On leave 2020/21, first semester

On leave 2020/21, second semester

ab On leave 2020/21

Programs

Major

Correlate Sequence in Women’s Studies

Approved Courses

Courses

Women’s Studies: I. Introductory

  • WMST 110 - Gender, Social Problems and Social Change


    1 unit(s)
    (Same as  AMST 110  and SOCI 110 ) This course introduces students to a variety of social problems using insights from political science, sociology, and gender studies. We begin with an exploration of the sociological perspective, and how social problems are defined as such. We then examine the general issues of inequalities based on economic and employment status, racial and ethnic identity, and gender and sexual orientation. We apply these categories of analysis to problems facing the educational system and the criminal justice system. As we examine specific issues, we discuss political processes, social movements, and individual actions that people have used to address these problems. Eve Dunbar and Eileen Leonard.

    Prerequisite(s): Permission of the instructor.

    This class is taught at the Taconic Correctional Facility for Women to a combined class of Vassar and Taconic students.

    One 3-hour period.

    Not offered in 2020/21.

    Course Format: CLS
  • WMST 130 - Introduction to Women’s Studies

    Semester Offered: Fall and Spring
    1 unit(s)
    Multidisciplinary study of the scholarship on women, with an introduction to feminist theory and methodology. Includes contemporary and historical experiences of women in private and public spaces. Examination of how the concept of women has been constructed in literature, science, the media, and other institutions, with attention to the way the construction intersects with nationality, race, class, and sexuality. Paulina Bren and Jean Kane; Lisa Brawley and Lisa Collins; Diane Harriford and Barbara Olsen.

    Two 75-minute periods.

    Course Format: CLS
  • WMST 160 - Issues in Feminism


    1 unit(s)
    Two 75-minute periods.

    Not offered in 2020/21.

    Course Format: CLS
  • WMST 170 - Meeting Places


    1 unit(s)
    (Same as FFS 170 ) Beginning with the nineteenth century, this first-year writing seminar examines the role of gender in stories about people who meet in public urban places, such as bars, streets or cafés. Public urban places are associated with a specifically modern consciousness, characterized by the embracing of more fluid identities, fewer constraints, and a greater sense of the ephemeral.

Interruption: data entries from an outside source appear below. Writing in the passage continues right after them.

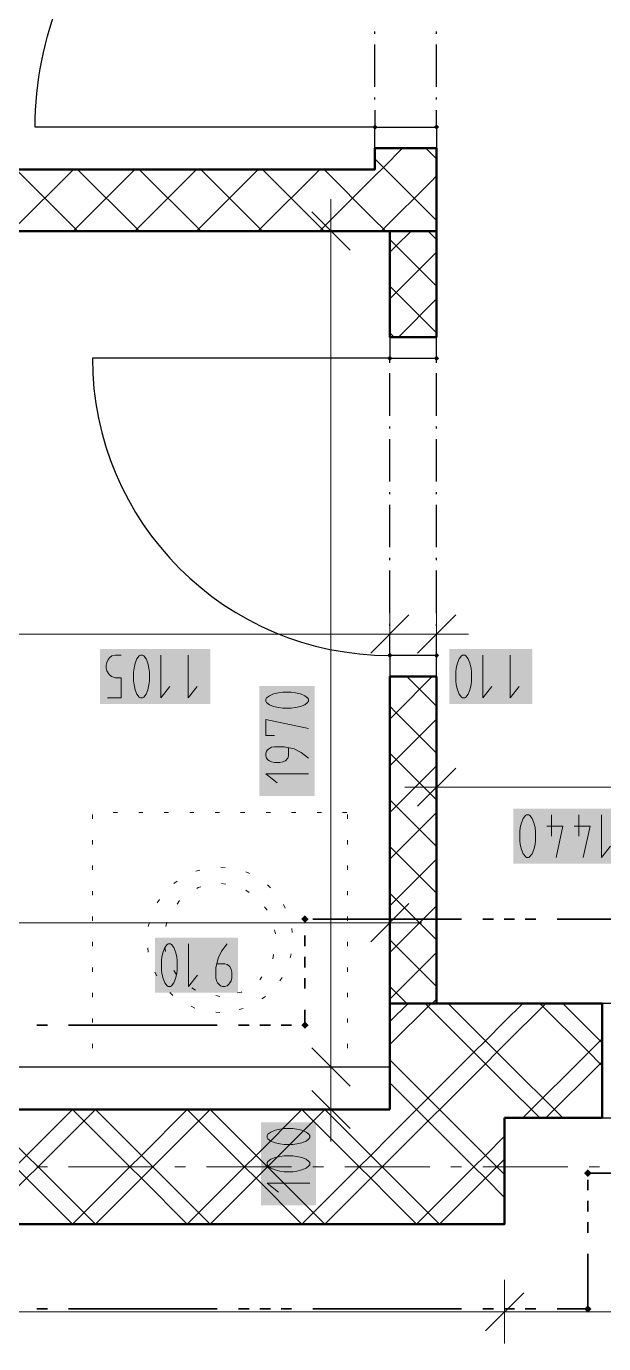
# Model space of a CAD drawing. Header units: millimetres. Extents: x 0 to 594, y 0 to 420.
# Drawn here: x 201.73 to 214.18, y 233.73 to 262.16 of the extents above; entities that cross this region are included whole.
import ezdxf

# ---------------------------------------------------------------- set-up
doc = ezdxf.new("R2010")
doc.units = ezdxf.units.MM
doc.header["$LTSCALE"] = 8
for name, color, linetype in [('PDF_Dvere', 7, 'Continuous'), ('PDF_Instalacni prizdivka do 1m', 7, 'Continuous'), ('PDF_Koty delkove', 7, 'Continuous'), ('PDF_Osy hlavni', 7, 'Continuous'), ('PDF_Pozarni useky', 7, 'Continuous'), ('PDF_Pricky zdene', 7, 'Continuous'), ('PDF_Sanita', 7, 'Continuous'), ('PDF_Steny akusticke', 7, 'Continuous')]:
    doc.layers.add(name, color=color, linetype=linetype)

msp = doc.modelspace()

# ---------------------------------------------------------------- linework, layer by layer
at = {"layer": 'PDF_Dvere', "lineweight": 25}
for points in [[(209.248, 260.352), (209.248, 259.988), (201.921, 259.988, -0.414214), (209.248, 267.315), (209.248, 266.535)], [(209.569, 254.997), (203.157, 254.997, 0.414213), (209.569, 248.586), (209.569, 248.996)]]:
    msp.add_lwpolyline(points, format="xyb", dxfattribs=at)
for points in [[(209.248, 262.001), (209.248, 262.047)], [(210.576, 262.001), (210.576, 262.047)], [(209.248, 260.856), (209.248, 261.772)], [(210.576, 260.856), (210.576, 261.772)], [(209.248, 260.581), (209.248, 260.627)], [(210.576, 260.581), (210.576, 260.627)], [(210.576, 259.988), (210.576, 260.352)], [(209.569, 254.903), (209.569, 254.949)], [(210.576, 254.903), (210.576, 254.949)], [(209.569, 253.758), (209.569, 254.674)], [(210.576, 253.758), (210.576, 254.674)], [(209.569, 253.483), (209.569, 253.529)], [(210.576, 253.483), (210.576, 253.529)], [(209.569, 252.339), (209.569, 253.254)], [(210.576, 252.339), (210.576, 253.254)], [(209.569, 252.064), (209.569, 252.11)], [(210.576, 252.064), (210.576, 252.11)], [(209.569, 250.919), (209.569, 251.835)], [(210.576, 250.919), (210.576, 251.835)], [(209.569, 250.644), (209.569, 250.69)], [(210.576, 250.644), (210.576, 250.69)], [(209.569, 249.499), (209.569, 250.415)], [(210.576, 249.499), (210.576, 250.415)], [(209.569, 249.225), (209.569, 249.27)], [(210.576, 249.225), (210.576, 249.27)], [(210.576, 248.586), (210.576, 248.996)]]:
    msp.add_lwpolyline(points, dxfattribs=at)
for points in [[(210.576, 259.988), (210.576, 259.53), (209.248, 259.53), (209.248, 259.988)], [(210.576, 254.997), (210.576, 255.455), (209.569, 255.455), (209.569, 254.997)], [(210.576, 248.128), (210.576, 248.586), (209.569, 248.586), (209.569, 248.128)], [(214.148, 238.603), (214.606, 238.603), (214.606, 241.075), (214.148, 241.075)]]:
    msp.add_lwpolyline(points, close=True, dxfattribs=at)
at = {"layer": 'PDF_Dvere', "lineweight": 25, "transparency": 33554559}
for points in [[(209.248, 259.931), (209.191, 259.988), (209.305, 259.988), (209.248, 260.046)], [(210.576, 259.931), (210.519, 259.988), (210.633, 259.988), (210.576, 260.046)], [(209.569, 254.939), (209.511, 254.997), (209.626, 254.997), (209.569, 255.054)], [(210.576, 254.939), (210.519, 254.997), (210.633, 254.997), (210.576, 255.054)], [(209.569, 248.528), (209.511, 248.586), (209.626, 248.586), (209.569, 248.643)], [(210.576, 248.528), (210.519, 248.586), (210.633, 248.586), (210.576, 248.643)]]:
    msp.add_solid(points, dxfattribs=at)
at = {"layer": 'PDF_Instalacni prizdivka do 1m', "lineweight": 25}
msp.add_lwpolyline([(201.234, 238.786), (209.569, 238.786), (209.569, 239.702), (201.234, 239.702)], close=True, dxfattribs=at)
at = {"layer": 'PDF_Koty delkove', "lineweight": 18}
for points in [[(208.299, 257.744), (208.299, 258.431)], [(208.711, 257.332), (207.887, 258.157)], [(208.986, 257.744), (208.299, 257.744), (207.612, 257.744)], [(208.299, 238.786), (208.299, 239.702), (208.299, 257.744)], [(209.569, 249.734), (209.569, 249.047), (209.569, 248.36)], [(210.576, 249.734), (210.576, 249.047), (210.576, 248.36)], [(209.981, 249.459), (209.156, 248.635)], [(210.988, 249.459), (210.164, 248.635)], [(210.576, 249.047), (209.569, 249.047), (204.276, 249.047), (199.448, 249.047), (179.757, 249.047), (178.246, 249.047), (176.368, 249.047)], [(210.576, 249.047), (211.263, 249.047)], [(203.48, 247.673), (203.774, 247.673), (203.774, 248.1), (203.651, 248.1), (203.566, 248.131), (203.517, 248.177), (203.469, 248.253), (203.456, 248.313), (203.456, 248.375), (203.469, 248.436), (203.493, 248.497), (203.53, 248.542), (203.578, 248.574), (203.651, 248.589), (203.774, 248.589)], [(204.63, 248.589), (204.63, 247.673), (204.826, 247.917)], [(205.218, 248.589), (205.218, 247.673), (205.413, 247.917)], [(211.575, 248.589), (211.575, 247.673), (211.77, 247.917)], [(212.162, 248.589), (212.162, 247.673), (212.357, 247.917)], [(207.444, 247.79), (207.261, 247.79), (207.17, 247.778), (207.063, 247.753), (206.972, 247.717), (206.91, 247.668), (206.896, 247.643), (206.896, 247.595), (206.91, 247.57), (206.972, 247.521), (207.063, 247.485), (207.17, 247.46), (207.261, 247.447), (207.444, 247.447)], [(207.444, 247.447), (207.536, 247.46), (207.643, 247.485), (207.734, 247.521), (207.796, 247.57), (207.811, 247.595), (207.811, 247.643), (207.796, 247.668), (207.734, 247.717), (207.643, 247.753), (207.536, 247.778), (207.444, 247.79)], [(207.078, 246.86), (206.896, 246.86), (206.896, 247.203), (207.811, 247.008)], [(207.811, 246.371), (207.658, 246.494), (207.505, 246.567), (207.292, 246.616), (207.078, 246.616), (207.017, 246.603), (206.972, 246.579), (206.941, 246.555), (206.91, 246.518), (206.896, 246.469), (206.896, 246.421), (206.91, 246.371), (206.941, 246.335), (206.972, 246.31), (207.017, 246.286), (207.078, 246.273), (207.2, 246.273), (207.261, 246.286), (207.322, 246.31), (207.368, 246.371), (207.384, 246.421), (207.384, 246.592)], [(210.576, 246.428), (210.576, 245.741), (210.576, 245.054)], [(207.811, 246.029), (206.896, 246.029), (207.139, 245.833)], [(210.988, 246.153), (210.164, 245.329)], [(210.576, 245.741), (209.889, 245.741)], [(234.068, 245.741), (231.65, 245.741), (230.298, 245.741), (228.252, 245.741), (224.772, 245.741), (223.765, 245.741), (210.576, 245.741)], [(212.588, 244.243), (212.637, 244.304), (212.674, 244.396), (212.699, 244.503), (212.711, 244.594), (212.711, 244.777), (212.699, 244.869), (212.674, 244.976), (212.637, 245.067), (212.588, 245.129), (212.564, 245.144), (212.515, 245.144), (212.49, 245.129), (212.442, 245.067), (212.405, 244.976), (212.381, 244.869), (212.368, 244.777)], [(213.053, 245.144), (213.053, 244.686)], [(213.64, 245.144), (213.64, 244.686)], [(214.13, 245.144), (214.13, 244.228), (214.325, 244.472)], [(212.368, 244.777), (212.368, 244.594), (212.381, 244.503), (212.405, 244.396), (212.442, 244.304), (212.49, 244.243), (212.515, 244.228), (212.564, 244.228), (212.588, 244.243)], [(212.955, 244.9), (213.298, 244.9), (213.151, 244.228)], [(213.543, 244.9), (213.885, 244.9), (213.738, 244.228)], [(209.569, 243.504), (209.569, 242.817), (209.569, 242.13)], [(209.981, 243.229), (209.156, 242.405)], [(209.569, 242.817), (206.008, 242.817), (202.303, 242.817), (201.234, 242.817), (199.958, 242.817), (196.414, 242.817), (185.664, 242.817), (184.245, 242.817), (178.246, 242.817), (176.414, 242.817), (167.072, 242.817), (164.736, 242.817)], [(209.569, 242.817), (210.255, 242.817)], [(204.643, 241.809), (204.655, 241.718), (204.679, 241.611), (204.716, 241.52), (204.765, 241.458), (204.79, 241.443), (204.838, 241.443), (204.863, 241.458), (204.911, 241.52), (204.948, 241.611), (204.973, 241.718), (204.985, 241.809), (204.985, 241.992), (204.973, 242.084), (204.948, 242.191), (204.911, 242.282), (204.863, 242.344), (204.838, 242.359), (204.79, 242.359), (204.765, 242.344), (204.716, 242.282), (204.679, 242.191), (204.655, 242.084), (204.643, 241.992)], [(205.23, 242.359), (205.23, 241.443), (205.425, 241.687)], [(206.061, 242.359), (205.939, 242.206), (205.865, 242.053), (205.817, 241.84), (205.817, 241.626), (205.829, 241.565), (205.854, 241.52), (205.878, 241.489), (205.915, 241.458), (205.964, 241.443), (206.012, 241.443), (206.061, 241.458), (206.098, 241.489), (206.122, 241.52), (206.147, 241.565), (206.16, 241.626), (206.16, 241.748), (206.147, 241.809), (206.122, 241.87), (206.061, 241.916), (206.012, 241.932), (205.841, 241.932)], [(204.643, 241.992), (204.643, 241.809)], [(208.711, 239.289), (207.887, 240.114)], [(208.986, 239.702), (208.299, 239.702), (207.612, 239.702)], [(208.711, 238.374), (207.887, 239.198)], [(208.986, 238.786), (208.299, 238.786), (207.612, 238.786)], [(208.299, 238.786), (208.299, 238.099)], [(207.474, 238.374), (207.291, 238.374), (207.2, 238.361), (207.093, 238.337), (207.001, 238.3), (206.94, 238.252), (206.925, 238.227), (206.925, 238.179), (206.94, 238.154), (207.001, 238.105), (207.093, 238.069), (207.2, 238.044), (207.291, 238.031), (207.474, 238.031)], [(207.474, 238.031), (207.565, 238.044), (207.672, 238.069), (207.764, 238.105), (207.825, 238.154), (207.841, 238.179), (207.841, 238.227), (207.825, 238.252), (207.764, 238.3), (207.672, 238.337), (207.565, 238.361), (207.474, 238.374)], [(207.841, 237.2), (206.925, 237.2), (207.169, 237.004)], [(212.041, 235.107), (212.041, 234.42), (212.041, 233.733)], [(212.454, 234.832), (211.629, 234.008)], [(276.428, 234.42), (225.78, 234.42), (218.727, 234.42), (212.041, 234.42), (177.604, 234.42), (176.276, 234.42), (164.736, 234.42), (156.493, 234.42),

We use each text to practice writing about literature while exploring the critical concepts of gender, place and modernity in a French studies context. The course is taught in English: all works are read in translation. Kathleen Hart.

    Open only to first-year students; satisfies the college requirement for a First-Year Writing Seminar.

    Not offered in 2020/21.

Women’s Studies: II. Intermediate

  • WMST 201 - Introduction to Queer Studies

    Semester Offered: Fall
    1 unit(s)
    This course offers an introduction to queer theories and methodologies as a form of inquiry that emerged out of and alongside feminism, LGBT liberation movements and AIDS activism. In addition to exploring the experiences of LBGTQ individuals and communities in a global context, the course focuses on the historical emergence of a variety of sexual and gender identities as well as the political strategies they pursued. Special attention is paid to the way sexuality intersects with gender, nationality, race, class, and dis/ability.  Jeffrey Schneider.

    Two 75-minute periods.

    Course Format: CLS
  • WMST 203 - Women in Greek and Roman History and Myth

    Semester Offered: Spring
    1 unit(s)
    (Same as GRST 203 ) Greek and Roman literary and historical accounts abound with vividly drawn women such as Helen, Antigone, Medea, Livia, and Agrippina, the mother of Nero. But how representative were such figures of the daily lives of women throughout Greek and Roman antiquity? This course investigates the images and realities of women in the ancient Greek and Roman world, from the Greek Late Bronze Age (c. 1200 BCE) to the Roman Empire (up to the III c. CE) by juxtaposing evidence from literature, historical sources, and archaeological material. Throughout, the course examines the complex ways in which ancient women interacted with the institutions of the state, the family, religion, and the arts. 

    Two 75-minute periods.

  • WMST 204 - Gender and Sexuality in Roman Culture


    1 unit(s)
    (Same as GRST 204 ) This course examines in detail the sexual attitudes and behaviors of the ancient Romans and the gender roles that both shaped and were shaped by those attitudes. We study selections from ancient Greek and Roman literature, examine artistic remains, and read articles written by prominent scholars of ancient Rome. While the readings are in roughly chronological order, the course is principally organized by topic (e.g., a day for “Roman pederasty” or “Vestal virgins”). All readings are in English translation.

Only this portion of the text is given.